OOBIRDOO
Goldsmiths College, University of London and
Royal College of Art
June 2020- 2022
Painting, natural pigment and acrylic on canvas
These paintings had been presented in Silent Spring at We are the Minories Gallery in 2021 and Chalkwall Auction 'Artist in Rise' in Dec 2022, which was orgnaised by Chinwe Russell Art Gallery.
These artworks are the series to refer the idea of extinction of animals and societies nowadays to consider the environmental crisis and loss of endemic animals.
OOs were Hawaiian endemic birds and they were playing a key role in Hawaiian ecology as they were the honey eaters and they spread the pollen between the flowers in their land. However, these birds were extinct in the European explorational period as the new immigrants and merchants from Europe and America brought new species like mosquitos and cats that threaten their life these creatures brought new viruses and new orders in the ecosystem in Hawaii.

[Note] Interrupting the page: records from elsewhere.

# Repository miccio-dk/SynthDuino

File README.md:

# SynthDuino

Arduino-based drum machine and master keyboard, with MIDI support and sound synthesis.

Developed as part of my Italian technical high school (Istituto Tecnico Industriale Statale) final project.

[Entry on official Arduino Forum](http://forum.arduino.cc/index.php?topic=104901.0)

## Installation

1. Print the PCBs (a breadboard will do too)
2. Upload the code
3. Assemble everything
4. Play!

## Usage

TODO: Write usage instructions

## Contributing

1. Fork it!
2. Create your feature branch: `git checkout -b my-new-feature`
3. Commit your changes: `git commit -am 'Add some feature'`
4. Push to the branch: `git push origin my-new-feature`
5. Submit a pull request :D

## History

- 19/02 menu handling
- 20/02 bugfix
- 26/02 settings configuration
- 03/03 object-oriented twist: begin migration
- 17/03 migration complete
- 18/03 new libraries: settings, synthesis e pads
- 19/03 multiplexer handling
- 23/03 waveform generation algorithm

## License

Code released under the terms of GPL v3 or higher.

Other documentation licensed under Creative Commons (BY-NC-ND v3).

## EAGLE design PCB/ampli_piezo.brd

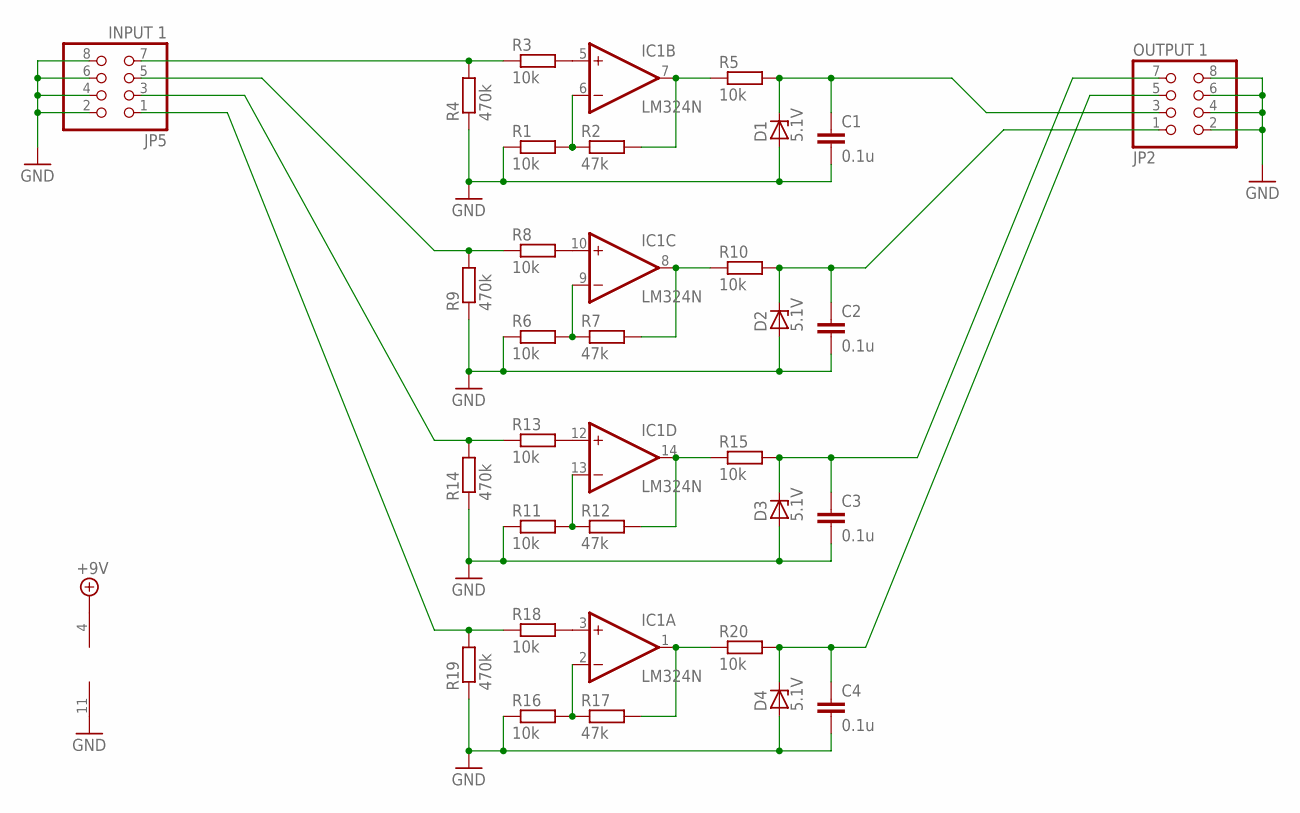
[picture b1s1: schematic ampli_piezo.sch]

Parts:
C1, C2, C3, C4: 0.1u; C050-025X075
D1, D2, D3, D4: 5.1V; DO35Z10
IC1: LM324N; DIL14
JP2: OUTPUT 1; 2X04/90
JP5: INPUT 1; 2X04/90
R1, R3, R5, R6, R8, R10, R11, R13, R15, R16, R18, R20: 10k; 0207/10
R2, R7, R12, R17: 47k; 0207/10
R4, R9, R14, R19: 470k; 0207/10

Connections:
+9V: IC1.4 (V+)
GND: C1.2, C2.2, C3.2, C4.2, D1.A, D2.A, D3.A, D4.A, IC1.11 (V-), JP2.2, JP2.4, JP2.6, JP2.8, JP5.2, JP5.4, JP5.6, JP5.8, R1.1, R4.1, R6.1, R9.1, R11.1, R14.1, R16.1, R19.1
unnamed: IC1.12 (+IN), R13.2
unnamed: IC1.10 (+IN), R8.2
unnamed: IC1.5 (+IN), R3.2
unnamed: IC1.3 (+IN), R18.2
unnamed: IC1.6 (-IN), R1.2, R2.1
unnamed: IC1.14 (OUT), R12.2, R15.1
unnamed: IC1.1 (OUT), R17.2, R20.1
unnamed: IC1.7 (OUT), R2.2, R5.1
unnamed: JP5.7, R3.1, R4.2
unnamed: C1.1, D1.C, JP2.3, R5.2
unnamed: IC1.9 (-IN), R6.2, R7.1
unnamed: IC1.8 (OUT), R7.2, R10.1
unnamed: JP5.5, R8.1, R9.2
unnamed: C2.1, D2.C, JP2.1, R10.2
unnamed: IC1.13 (-IN), R11.2, R12.1
unnamed: JP5.3, R13.1, R14.2
unnamed: C3.1, D3.C, JP2.7, R15.2
unnamed: IC1.2 (-IN), R16.2, R17.1
unnamed: JP5.1, R18.1, R19.2
unnamed: C4.1, D4.C, JP2.5, R20.2

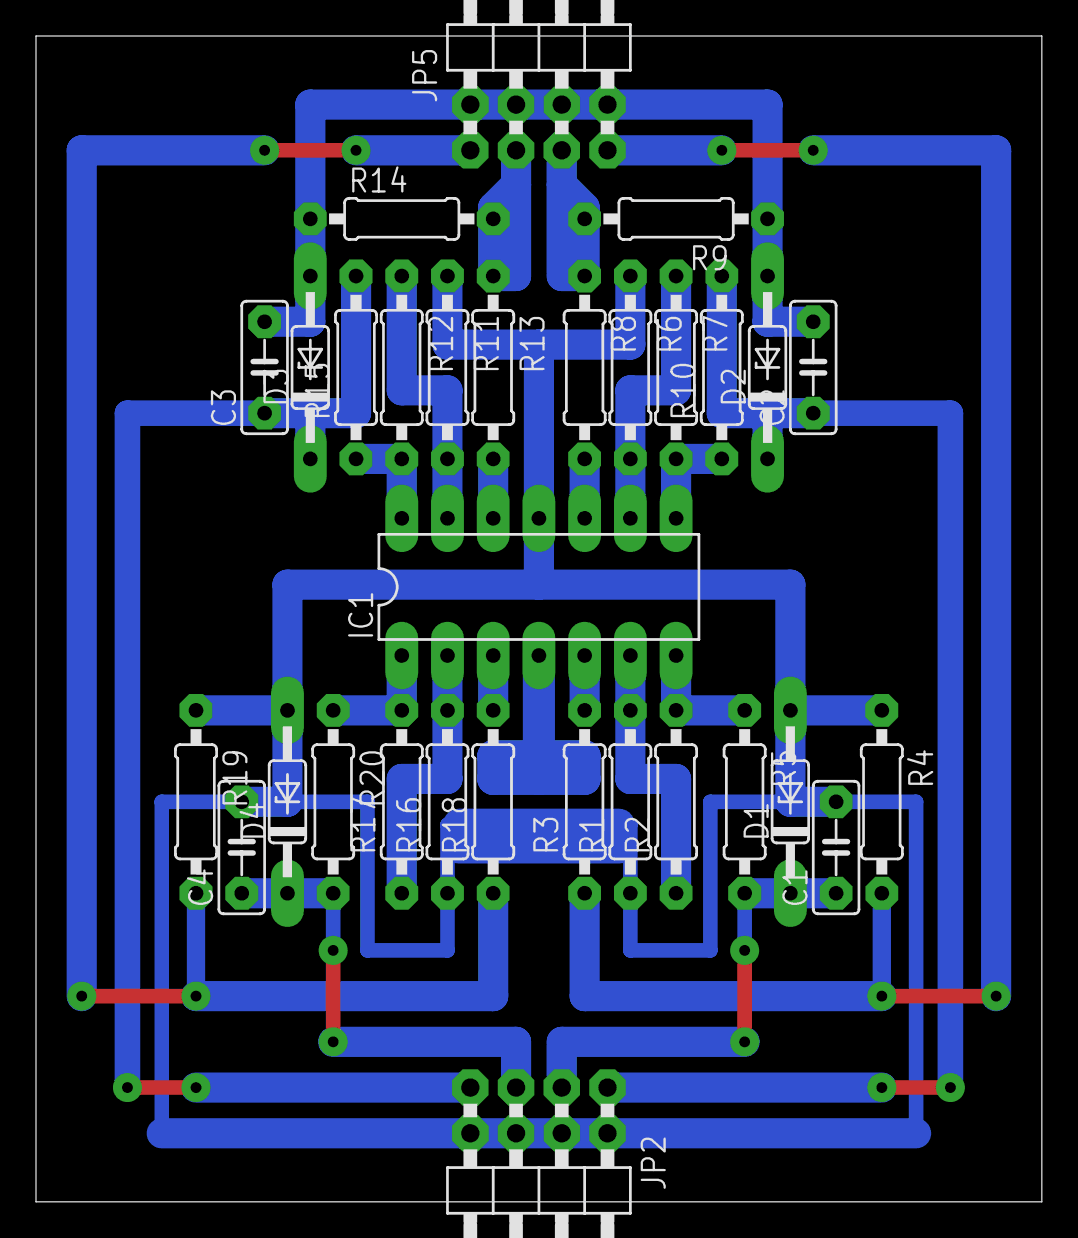
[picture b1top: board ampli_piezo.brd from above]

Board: 2 copper layers, 55.9 x 64.8 mm, 31 parts (0 on the bottom side), 21 nets.

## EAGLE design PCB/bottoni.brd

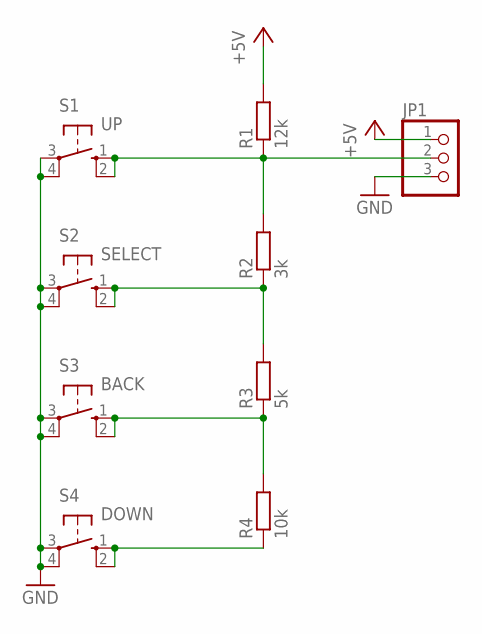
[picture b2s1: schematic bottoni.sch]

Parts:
JP1: PINHD-1X3/90; 1X03/90
R1: 12k; 0207/10
R2: 3k; 0207/10
R3: 5k; 0207/10
R4: 10k; 0207/10
S1: UP; B3F-10XX
S2: SELECT; B3F-10XX
S3: BACK; B3F-10XX
S4: DOWN; B3F-10XX

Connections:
+5V: JP1.1, R1.2
GND: JP1.3, S1.3, S1.4 (P1), S2.3, S2.4 (P1), S3.3, S3.4 (P1), S4.3, S4.4 (P1)
unnamed: JP1.2, R1.1, R2.2, S1.1 (S), S1.2 (S1)
unnamed: R2.1, R3.2, S2.1 (S), S2.2 (S1)
unnamed: R3.1, R4.2, S3.1 (S), S3.2 (S1)
unnamed: R4.1, S4.1 (S), S4.2 (S1)

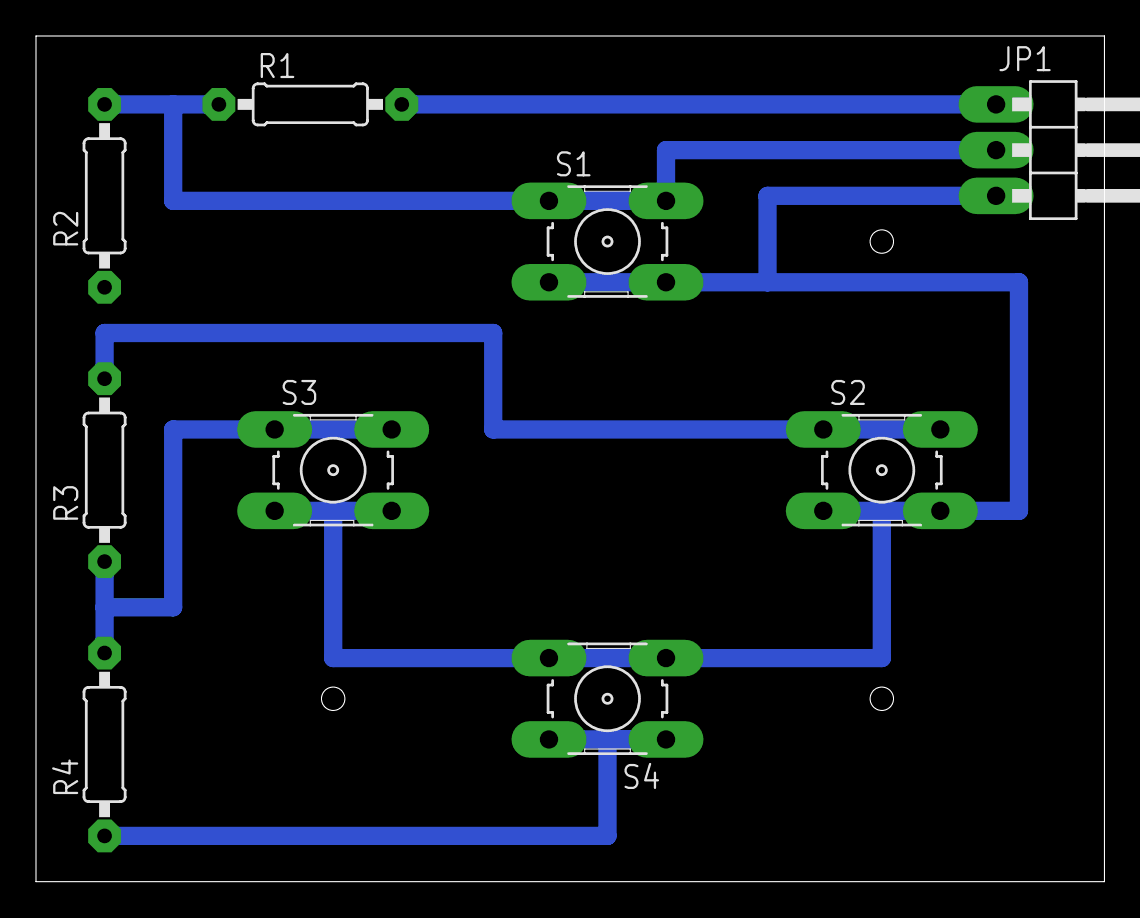
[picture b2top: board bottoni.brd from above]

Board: 2 copper layers, 59.4 x 47.0 mm, 9 parts (0 on the bottom side), 6 nets.

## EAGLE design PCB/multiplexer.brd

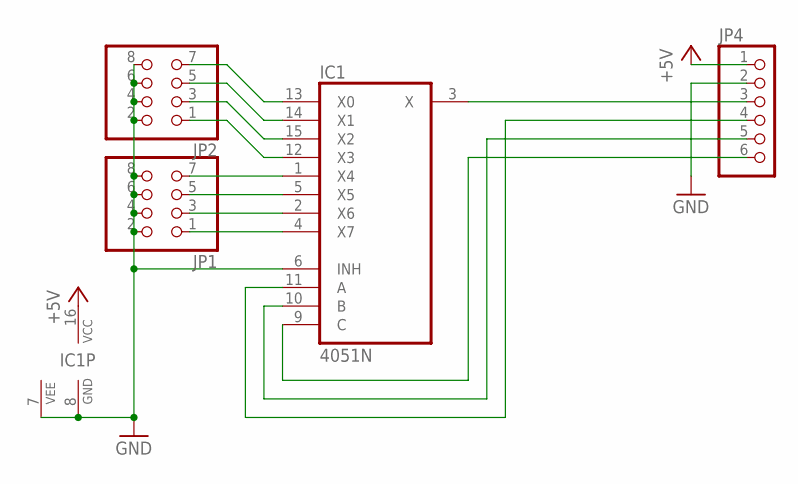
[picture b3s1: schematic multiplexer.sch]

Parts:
IC1: 4051N; DIL16
JP1, JP2: PINHD-2X4/90; 2X04/90
JP4: PINHD-1X6/90; 1X06/90

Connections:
+5V: IC1.16 (VCC), JP4.1
GND: IC1.6 (INH), IC1.7 (VEE), IC1.8 (GND), JP1.2, JP1.4, JP1.6, JP1.8, JP2.2, JP2.4, JP2.6, JP2.8, JP4.2
unnamed: IC1.4 (X7), JP1.1
unnamed: IC1.2 (X6), JP1.3
unnamed: IC1.5 (X5), JP1.5
unnamed: IC1.1 (X4), JP1.7
unnamed: IC1.12 (X3), JP2.1
unnamed: IC1.15 (X2), JP2.3
unnamed: IC1.14 (X1), JP2.5
unnamed: IC1.13 (X0), JP2.7
unnamed: IC1.3 (X), JP4.3
unnamed: IC1.9 (C), JP4.6
unnamed: IC1.10 (B), JP4.5
unnamed: IC1.11 (A), JP4.4

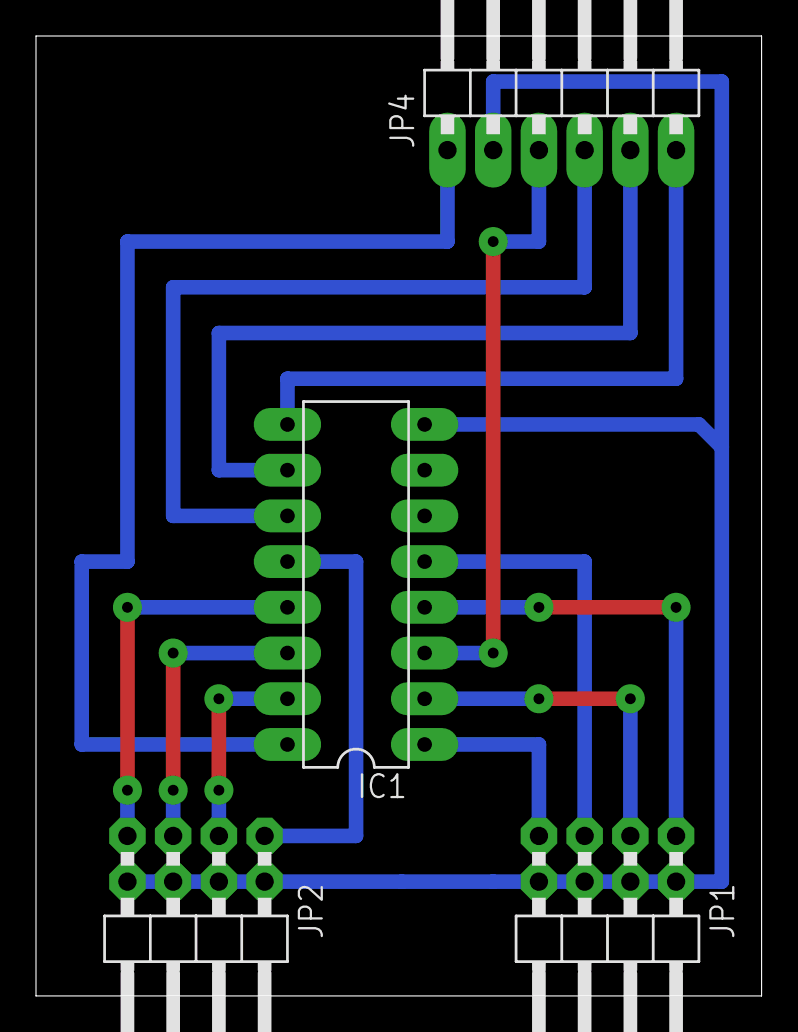
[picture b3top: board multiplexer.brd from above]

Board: 2 copper layers, 40.3 x 53.3 mm, 4 parts (0 on the bottom side), 14 nets.

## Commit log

2015-02-28 Add LICENSE file via addalicense.com
2015-02-28 project files
2015-03-30 final version
    found latest version of the project, updated all files

Meanwhile, the colours are representing civilisation and the changed environments across the world nowadays due to men importing new species to re-decorate their living area while building infrastructures (from buildings to electronic light towers) for their confidence. These colours were founded in buildings and infrastructures in the cities that I have visited and these colours are formed in certain artificial patterns to refer it.
Through the artwork, I want to raise how humanities have changed the structure of nature across the world for their own good, and how animals are losing their home and extinct. Then, I also want to say how these matters of animal extinctions are connected to the social issues of environmental destruction while progressing civilisations across the world.